---- RECORDED DATA

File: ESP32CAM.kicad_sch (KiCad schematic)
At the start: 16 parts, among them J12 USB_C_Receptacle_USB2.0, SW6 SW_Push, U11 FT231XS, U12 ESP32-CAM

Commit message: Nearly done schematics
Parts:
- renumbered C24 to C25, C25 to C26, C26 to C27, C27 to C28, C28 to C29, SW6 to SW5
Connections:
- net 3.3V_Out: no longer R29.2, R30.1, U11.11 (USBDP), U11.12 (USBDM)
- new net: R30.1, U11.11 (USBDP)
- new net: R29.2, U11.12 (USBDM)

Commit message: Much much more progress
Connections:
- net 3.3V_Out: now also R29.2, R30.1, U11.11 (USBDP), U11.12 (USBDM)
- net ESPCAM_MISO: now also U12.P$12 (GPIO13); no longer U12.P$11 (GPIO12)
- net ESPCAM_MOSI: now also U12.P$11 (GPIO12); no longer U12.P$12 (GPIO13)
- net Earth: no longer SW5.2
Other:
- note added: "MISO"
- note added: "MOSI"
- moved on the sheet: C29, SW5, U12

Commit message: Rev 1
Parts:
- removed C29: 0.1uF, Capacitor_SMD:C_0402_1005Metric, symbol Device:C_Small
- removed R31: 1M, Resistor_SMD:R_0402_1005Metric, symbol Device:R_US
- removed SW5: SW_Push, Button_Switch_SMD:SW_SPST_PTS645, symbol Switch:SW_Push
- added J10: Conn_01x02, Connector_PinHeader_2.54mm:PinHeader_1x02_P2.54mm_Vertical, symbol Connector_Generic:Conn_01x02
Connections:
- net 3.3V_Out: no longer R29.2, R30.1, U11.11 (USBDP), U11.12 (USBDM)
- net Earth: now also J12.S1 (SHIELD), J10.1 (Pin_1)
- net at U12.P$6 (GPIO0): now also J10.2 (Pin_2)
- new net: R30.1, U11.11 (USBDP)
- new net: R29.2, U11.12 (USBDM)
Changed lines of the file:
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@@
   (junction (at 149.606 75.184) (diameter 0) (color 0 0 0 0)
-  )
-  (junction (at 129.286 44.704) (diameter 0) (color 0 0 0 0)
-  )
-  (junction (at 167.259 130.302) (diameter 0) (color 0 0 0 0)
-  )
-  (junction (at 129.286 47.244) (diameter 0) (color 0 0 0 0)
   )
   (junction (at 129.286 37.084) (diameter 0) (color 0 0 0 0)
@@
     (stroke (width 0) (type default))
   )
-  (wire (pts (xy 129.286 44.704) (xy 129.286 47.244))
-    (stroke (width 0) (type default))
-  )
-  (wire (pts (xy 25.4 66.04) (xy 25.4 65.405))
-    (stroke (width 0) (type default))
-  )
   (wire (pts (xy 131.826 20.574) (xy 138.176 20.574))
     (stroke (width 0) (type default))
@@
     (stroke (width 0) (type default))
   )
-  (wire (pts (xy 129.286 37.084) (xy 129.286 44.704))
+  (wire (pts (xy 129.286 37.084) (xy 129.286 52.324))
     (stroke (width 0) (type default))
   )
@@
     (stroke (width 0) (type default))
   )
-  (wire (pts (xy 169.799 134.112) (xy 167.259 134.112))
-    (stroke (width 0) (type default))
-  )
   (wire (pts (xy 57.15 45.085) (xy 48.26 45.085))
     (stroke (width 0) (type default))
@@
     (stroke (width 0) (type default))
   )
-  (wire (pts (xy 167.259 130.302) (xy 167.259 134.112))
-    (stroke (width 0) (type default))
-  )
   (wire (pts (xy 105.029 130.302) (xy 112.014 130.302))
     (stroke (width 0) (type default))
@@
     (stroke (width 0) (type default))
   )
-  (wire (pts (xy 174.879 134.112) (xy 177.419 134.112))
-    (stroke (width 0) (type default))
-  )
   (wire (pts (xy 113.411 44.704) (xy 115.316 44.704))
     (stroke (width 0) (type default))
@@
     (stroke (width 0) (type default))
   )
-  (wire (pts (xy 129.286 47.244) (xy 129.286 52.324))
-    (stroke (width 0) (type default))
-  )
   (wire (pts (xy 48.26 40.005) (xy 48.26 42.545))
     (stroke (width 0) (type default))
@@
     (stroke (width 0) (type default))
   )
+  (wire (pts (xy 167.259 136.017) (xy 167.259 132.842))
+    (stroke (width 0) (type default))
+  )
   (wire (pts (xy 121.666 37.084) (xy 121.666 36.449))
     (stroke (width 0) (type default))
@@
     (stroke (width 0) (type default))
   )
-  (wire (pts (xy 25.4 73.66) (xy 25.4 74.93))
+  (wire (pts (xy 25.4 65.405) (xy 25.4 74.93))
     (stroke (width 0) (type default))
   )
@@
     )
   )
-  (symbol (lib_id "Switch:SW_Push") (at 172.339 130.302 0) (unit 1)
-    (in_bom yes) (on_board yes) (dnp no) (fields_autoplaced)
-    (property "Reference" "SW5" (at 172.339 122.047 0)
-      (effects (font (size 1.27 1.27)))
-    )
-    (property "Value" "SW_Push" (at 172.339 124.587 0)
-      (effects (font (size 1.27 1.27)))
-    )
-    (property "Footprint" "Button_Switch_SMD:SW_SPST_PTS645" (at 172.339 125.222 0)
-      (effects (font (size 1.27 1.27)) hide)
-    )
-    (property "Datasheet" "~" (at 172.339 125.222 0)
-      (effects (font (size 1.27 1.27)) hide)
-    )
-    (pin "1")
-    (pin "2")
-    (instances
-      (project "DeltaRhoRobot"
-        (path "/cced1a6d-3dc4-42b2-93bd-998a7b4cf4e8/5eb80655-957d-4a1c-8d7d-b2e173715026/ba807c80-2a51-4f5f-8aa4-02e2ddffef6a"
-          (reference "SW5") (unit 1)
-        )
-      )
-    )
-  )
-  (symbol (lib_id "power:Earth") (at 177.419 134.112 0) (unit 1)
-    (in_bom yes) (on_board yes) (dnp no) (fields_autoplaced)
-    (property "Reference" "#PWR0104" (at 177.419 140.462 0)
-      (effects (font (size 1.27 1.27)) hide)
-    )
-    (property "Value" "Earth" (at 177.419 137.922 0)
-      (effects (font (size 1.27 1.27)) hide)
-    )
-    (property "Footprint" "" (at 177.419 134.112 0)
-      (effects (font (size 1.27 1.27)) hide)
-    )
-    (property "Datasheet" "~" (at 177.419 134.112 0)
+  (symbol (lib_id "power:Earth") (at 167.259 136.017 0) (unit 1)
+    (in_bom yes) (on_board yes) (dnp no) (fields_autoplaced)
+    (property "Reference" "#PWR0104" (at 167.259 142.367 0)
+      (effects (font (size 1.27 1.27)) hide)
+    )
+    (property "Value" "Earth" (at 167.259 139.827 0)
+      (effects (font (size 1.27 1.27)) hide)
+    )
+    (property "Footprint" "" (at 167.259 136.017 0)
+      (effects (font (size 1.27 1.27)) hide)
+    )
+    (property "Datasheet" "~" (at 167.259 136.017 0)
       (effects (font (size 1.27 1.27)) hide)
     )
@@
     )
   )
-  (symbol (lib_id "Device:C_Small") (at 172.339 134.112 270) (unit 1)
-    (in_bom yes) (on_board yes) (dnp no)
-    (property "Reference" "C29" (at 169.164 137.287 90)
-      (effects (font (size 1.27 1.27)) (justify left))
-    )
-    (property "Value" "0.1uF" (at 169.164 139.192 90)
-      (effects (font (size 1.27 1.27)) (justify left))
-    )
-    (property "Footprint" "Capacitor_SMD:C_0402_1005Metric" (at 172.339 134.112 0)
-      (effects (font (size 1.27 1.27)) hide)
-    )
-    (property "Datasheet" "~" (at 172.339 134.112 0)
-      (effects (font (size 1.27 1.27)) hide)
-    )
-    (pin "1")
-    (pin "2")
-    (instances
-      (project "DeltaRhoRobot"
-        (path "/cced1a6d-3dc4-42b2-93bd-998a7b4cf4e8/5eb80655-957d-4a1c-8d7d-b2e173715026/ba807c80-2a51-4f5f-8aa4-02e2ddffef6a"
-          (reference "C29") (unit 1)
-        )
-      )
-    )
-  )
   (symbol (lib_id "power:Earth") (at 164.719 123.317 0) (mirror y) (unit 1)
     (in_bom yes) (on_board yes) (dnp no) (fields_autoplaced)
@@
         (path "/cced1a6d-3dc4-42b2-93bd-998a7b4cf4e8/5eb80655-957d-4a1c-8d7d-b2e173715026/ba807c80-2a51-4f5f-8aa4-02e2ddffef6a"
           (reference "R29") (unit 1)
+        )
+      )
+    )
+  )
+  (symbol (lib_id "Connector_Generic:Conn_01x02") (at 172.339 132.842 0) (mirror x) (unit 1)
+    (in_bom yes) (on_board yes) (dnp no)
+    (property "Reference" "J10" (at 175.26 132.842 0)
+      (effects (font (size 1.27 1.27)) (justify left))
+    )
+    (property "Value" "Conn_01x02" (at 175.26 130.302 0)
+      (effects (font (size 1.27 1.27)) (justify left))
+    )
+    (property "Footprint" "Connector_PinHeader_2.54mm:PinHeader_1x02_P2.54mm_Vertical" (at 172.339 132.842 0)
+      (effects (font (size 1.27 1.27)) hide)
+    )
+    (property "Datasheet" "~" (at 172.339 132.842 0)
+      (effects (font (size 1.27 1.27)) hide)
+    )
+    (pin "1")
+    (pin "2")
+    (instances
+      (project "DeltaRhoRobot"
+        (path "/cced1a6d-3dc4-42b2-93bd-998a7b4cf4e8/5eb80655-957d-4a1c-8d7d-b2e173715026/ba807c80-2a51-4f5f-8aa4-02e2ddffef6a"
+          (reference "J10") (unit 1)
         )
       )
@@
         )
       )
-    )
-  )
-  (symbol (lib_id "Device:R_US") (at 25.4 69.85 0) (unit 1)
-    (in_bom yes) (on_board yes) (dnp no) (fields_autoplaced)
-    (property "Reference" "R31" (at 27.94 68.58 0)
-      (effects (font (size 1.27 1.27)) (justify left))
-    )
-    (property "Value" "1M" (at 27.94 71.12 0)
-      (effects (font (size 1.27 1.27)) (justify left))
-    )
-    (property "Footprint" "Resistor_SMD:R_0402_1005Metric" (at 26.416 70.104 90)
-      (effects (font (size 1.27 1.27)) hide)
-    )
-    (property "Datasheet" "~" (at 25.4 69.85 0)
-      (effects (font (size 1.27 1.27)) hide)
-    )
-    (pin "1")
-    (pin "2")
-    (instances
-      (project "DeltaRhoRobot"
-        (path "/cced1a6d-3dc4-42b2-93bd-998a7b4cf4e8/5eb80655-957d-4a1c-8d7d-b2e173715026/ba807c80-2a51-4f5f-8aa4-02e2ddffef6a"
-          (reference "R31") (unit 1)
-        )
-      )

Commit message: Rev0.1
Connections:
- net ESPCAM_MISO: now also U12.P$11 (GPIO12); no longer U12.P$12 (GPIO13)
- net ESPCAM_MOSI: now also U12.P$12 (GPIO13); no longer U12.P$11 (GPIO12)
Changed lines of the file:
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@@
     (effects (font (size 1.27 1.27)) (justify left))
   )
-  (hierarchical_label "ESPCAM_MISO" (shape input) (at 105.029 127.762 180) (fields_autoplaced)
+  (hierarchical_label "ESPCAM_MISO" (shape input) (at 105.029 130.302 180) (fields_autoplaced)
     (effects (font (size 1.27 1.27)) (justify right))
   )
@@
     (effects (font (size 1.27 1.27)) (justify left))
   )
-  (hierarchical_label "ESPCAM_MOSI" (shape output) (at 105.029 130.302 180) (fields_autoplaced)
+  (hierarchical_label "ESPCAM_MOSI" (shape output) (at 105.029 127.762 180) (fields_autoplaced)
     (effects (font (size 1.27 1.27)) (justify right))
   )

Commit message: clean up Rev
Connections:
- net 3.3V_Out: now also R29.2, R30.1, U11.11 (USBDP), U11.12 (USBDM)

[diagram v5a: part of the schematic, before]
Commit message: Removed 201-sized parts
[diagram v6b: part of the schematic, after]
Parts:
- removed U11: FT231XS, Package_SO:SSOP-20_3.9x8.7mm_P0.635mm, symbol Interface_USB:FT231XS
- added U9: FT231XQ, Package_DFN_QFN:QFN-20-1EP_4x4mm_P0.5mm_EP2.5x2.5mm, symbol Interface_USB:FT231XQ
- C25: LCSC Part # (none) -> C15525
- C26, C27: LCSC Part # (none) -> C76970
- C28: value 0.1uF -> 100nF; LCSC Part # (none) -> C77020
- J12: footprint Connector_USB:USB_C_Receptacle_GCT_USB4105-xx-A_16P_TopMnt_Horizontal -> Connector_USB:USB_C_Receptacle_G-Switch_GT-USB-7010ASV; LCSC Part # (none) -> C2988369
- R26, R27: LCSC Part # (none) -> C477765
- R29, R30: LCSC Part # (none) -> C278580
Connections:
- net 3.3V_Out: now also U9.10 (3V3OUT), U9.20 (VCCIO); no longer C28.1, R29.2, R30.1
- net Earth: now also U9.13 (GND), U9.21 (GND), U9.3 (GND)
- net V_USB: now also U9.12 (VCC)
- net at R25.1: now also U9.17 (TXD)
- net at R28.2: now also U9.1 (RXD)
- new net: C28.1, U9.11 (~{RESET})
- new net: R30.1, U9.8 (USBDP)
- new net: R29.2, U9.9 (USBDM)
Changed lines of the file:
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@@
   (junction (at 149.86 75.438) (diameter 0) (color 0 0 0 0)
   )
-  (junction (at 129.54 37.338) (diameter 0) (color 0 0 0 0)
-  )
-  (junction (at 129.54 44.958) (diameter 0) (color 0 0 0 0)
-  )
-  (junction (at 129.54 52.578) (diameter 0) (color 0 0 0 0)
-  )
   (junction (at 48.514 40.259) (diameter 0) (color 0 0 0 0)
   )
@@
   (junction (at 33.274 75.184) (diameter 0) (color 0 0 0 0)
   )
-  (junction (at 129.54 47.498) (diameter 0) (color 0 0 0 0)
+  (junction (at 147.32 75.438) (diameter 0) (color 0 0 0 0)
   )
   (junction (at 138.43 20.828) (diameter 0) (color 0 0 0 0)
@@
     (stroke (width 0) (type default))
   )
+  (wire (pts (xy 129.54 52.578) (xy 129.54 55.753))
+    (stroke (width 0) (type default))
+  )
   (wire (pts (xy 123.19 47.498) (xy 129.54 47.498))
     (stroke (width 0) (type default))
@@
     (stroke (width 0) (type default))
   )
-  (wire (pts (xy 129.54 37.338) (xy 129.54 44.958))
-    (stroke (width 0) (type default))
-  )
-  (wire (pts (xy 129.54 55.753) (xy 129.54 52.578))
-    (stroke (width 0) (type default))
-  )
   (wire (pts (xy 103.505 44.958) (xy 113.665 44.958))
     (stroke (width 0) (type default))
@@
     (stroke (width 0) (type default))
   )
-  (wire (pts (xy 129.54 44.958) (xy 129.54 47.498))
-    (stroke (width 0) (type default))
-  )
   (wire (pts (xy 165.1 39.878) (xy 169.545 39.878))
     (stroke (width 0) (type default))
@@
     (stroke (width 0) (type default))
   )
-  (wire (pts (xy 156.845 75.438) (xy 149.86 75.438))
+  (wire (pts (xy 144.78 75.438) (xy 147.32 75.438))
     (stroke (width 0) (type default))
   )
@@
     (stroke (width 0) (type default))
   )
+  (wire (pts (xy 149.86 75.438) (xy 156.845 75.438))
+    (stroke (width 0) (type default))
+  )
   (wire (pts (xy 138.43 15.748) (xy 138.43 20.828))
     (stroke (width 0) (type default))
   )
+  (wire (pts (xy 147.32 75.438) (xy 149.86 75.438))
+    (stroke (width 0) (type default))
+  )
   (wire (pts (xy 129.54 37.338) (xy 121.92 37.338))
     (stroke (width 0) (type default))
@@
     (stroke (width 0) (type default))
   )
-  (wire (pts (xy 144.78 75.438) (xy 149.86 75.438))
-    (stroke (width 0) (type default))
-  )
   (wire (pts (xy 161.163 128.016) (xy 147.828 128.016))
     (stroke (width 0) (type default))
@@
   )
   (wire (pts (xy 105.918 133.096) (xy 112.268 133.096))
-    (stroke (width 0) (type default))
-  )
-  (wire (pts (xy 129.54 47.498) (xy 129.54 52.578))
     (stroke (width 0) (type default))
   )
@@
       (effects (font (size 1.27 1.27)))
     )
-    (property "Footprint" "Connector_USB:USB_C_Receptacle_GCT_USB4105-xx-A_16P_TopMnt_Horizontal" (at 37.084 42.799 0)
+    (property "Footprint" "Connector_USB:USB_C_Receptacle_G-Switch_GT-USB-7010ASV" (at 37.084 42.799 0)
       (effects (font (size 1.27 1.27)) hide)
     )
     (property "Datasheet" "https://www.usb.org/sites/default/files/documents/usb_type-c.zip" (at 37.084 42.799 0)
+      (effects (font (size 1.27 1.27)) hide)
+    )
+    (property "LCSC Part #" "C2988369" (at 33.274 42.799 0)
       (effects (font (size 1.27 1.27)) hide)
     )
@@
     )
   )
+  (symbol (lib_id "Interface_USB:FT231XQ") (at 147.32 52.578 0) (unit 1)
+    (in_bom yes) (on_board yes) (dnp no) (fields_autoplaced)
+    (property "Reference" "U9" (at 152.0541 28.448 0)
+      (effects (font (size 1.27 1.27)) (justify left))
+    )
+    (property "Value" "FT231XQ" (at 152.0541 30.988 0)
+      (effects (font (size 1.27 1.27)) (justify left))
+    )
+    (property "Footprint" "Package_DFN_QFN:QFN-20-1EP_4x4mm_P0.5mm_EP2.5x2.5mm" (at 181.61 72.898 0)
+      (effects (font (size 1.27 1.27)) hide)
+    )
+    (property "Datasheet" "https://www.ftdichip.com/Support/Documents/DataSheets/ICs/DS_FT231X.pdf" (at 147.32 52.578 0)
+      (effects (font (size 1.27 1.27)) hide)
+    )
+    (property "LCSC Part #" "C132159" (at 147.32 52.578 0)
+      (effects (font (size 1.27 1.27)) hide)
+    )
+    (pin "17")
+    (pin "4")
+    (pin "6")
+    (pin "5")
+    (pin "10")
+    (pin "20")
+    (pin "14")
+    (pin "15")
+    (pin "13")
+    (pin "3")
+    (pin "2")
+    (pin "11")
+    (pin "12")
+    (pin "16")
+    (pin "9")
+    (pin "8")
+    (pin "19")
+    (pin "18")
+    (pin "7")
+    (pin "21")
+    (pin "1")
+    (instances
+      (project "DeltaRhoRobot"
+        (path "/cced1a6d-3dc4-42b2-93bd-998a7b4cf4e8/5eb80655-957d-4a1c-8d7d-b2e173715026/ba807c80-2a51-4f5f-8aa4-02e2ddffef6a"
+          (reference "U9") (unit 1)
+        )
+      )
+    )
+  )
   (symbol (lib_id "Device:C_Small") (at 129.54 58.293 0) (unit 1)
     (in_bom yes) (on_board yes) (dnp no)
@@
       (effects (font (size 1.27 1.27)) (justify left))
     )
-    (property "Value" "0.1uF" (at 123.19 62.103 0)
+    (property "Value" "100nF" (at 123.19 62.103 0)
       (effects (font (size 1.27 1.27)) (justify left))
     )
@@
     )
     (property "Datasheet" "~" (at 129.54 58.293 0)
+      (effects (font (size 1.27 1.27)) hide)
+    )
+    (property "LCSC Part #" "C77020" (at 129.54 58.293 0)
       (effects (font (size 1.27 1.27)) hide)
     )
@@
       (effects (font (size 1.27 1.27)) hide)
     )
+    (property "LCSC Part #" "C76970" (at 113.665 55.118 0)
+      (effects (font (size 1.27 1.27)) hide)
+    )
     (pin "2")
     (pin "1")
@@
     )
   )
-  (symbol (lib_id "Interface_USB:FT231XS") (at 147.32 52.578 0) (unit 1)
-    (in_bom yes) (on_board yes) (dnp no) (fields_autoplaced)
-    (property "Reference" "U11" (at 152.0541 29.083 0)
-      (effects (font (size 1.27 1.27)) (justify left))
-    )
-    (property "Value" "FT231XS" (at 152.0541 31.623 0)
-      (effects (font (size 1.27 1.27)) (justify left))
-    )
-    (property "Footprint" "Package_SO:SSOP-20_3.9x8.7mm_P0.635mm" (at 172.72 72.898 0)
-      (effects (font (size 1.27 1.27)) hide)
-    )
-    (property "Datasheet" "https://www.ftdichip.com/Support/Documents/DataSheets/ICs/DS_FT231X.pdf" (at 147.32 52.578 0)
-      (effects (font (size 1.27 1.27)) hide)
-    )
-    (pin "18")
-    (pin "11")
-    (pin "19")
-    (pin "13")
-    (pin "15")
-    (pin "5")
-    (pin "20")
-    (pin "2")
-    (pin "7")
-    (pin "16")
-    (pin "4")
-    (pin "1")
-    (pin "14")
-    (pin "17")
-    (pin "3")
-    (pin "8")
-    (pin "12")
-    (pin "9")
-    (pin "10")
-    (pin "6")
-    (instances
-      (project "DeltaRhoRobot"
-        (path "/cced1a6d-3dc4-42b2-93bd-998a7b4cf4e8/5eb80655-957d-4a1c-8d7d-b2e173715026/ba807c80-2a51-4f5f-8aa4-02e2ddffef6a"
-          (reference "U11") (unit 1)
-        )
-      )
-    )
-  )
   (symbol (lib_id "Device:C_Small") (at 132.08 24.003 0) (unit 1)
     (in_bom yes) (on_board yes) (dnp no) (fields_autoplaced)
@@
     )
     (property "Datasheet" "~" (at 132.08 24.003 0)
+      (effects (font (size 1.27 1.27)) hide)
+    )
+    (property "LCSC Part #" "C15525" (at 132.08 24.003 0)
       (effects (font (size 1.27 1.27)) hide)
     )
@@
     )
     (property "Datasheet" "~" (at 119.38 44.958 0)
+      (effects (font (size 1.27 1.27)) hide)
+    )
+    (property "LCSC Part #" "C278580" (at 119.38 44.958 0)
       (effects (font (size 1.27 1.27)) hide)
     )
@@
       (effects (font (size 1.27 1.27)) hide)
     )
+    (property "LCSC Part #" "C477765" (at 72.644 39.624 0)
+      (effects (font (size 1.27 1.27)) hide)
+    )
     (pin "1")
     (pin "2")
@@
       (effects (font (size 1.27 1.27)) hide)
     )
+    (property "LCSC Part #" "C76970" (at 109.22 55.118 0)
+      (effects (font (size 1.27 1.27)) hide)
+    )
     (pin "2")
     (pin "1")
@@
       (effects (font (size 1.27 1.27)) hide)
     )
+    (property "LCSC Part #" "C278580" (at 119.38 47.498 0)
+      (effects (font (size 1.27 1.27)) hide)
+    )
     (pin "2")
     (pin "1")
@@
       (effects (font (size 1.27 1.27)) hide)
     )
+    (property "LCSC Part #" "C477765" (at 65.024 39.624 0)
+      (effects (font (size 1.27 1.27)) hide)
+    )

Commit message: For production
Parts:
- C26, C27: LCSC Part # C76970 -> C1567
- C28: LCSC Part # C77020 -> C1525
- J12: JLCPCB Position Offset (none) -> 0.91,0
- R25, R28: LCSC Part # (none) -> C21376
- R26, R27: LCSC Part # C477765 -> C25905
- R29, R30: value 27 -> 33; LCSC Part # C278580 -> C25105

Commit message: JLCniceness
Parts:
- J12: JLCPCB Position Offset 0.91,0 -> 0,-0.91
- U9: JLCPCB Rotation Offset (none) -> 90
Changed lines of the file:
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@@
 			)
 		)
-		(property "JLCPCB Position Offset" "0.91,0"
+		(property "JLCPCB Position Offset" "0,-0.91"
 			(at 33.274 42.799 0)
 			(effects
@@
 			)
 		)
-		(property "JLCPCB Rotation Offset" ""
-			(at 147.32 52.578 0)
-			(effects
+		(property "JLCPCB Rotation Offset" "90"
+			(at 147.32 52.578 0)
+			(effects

--------

Determine how many lines of the records hold the word "Support", giving only that number.

2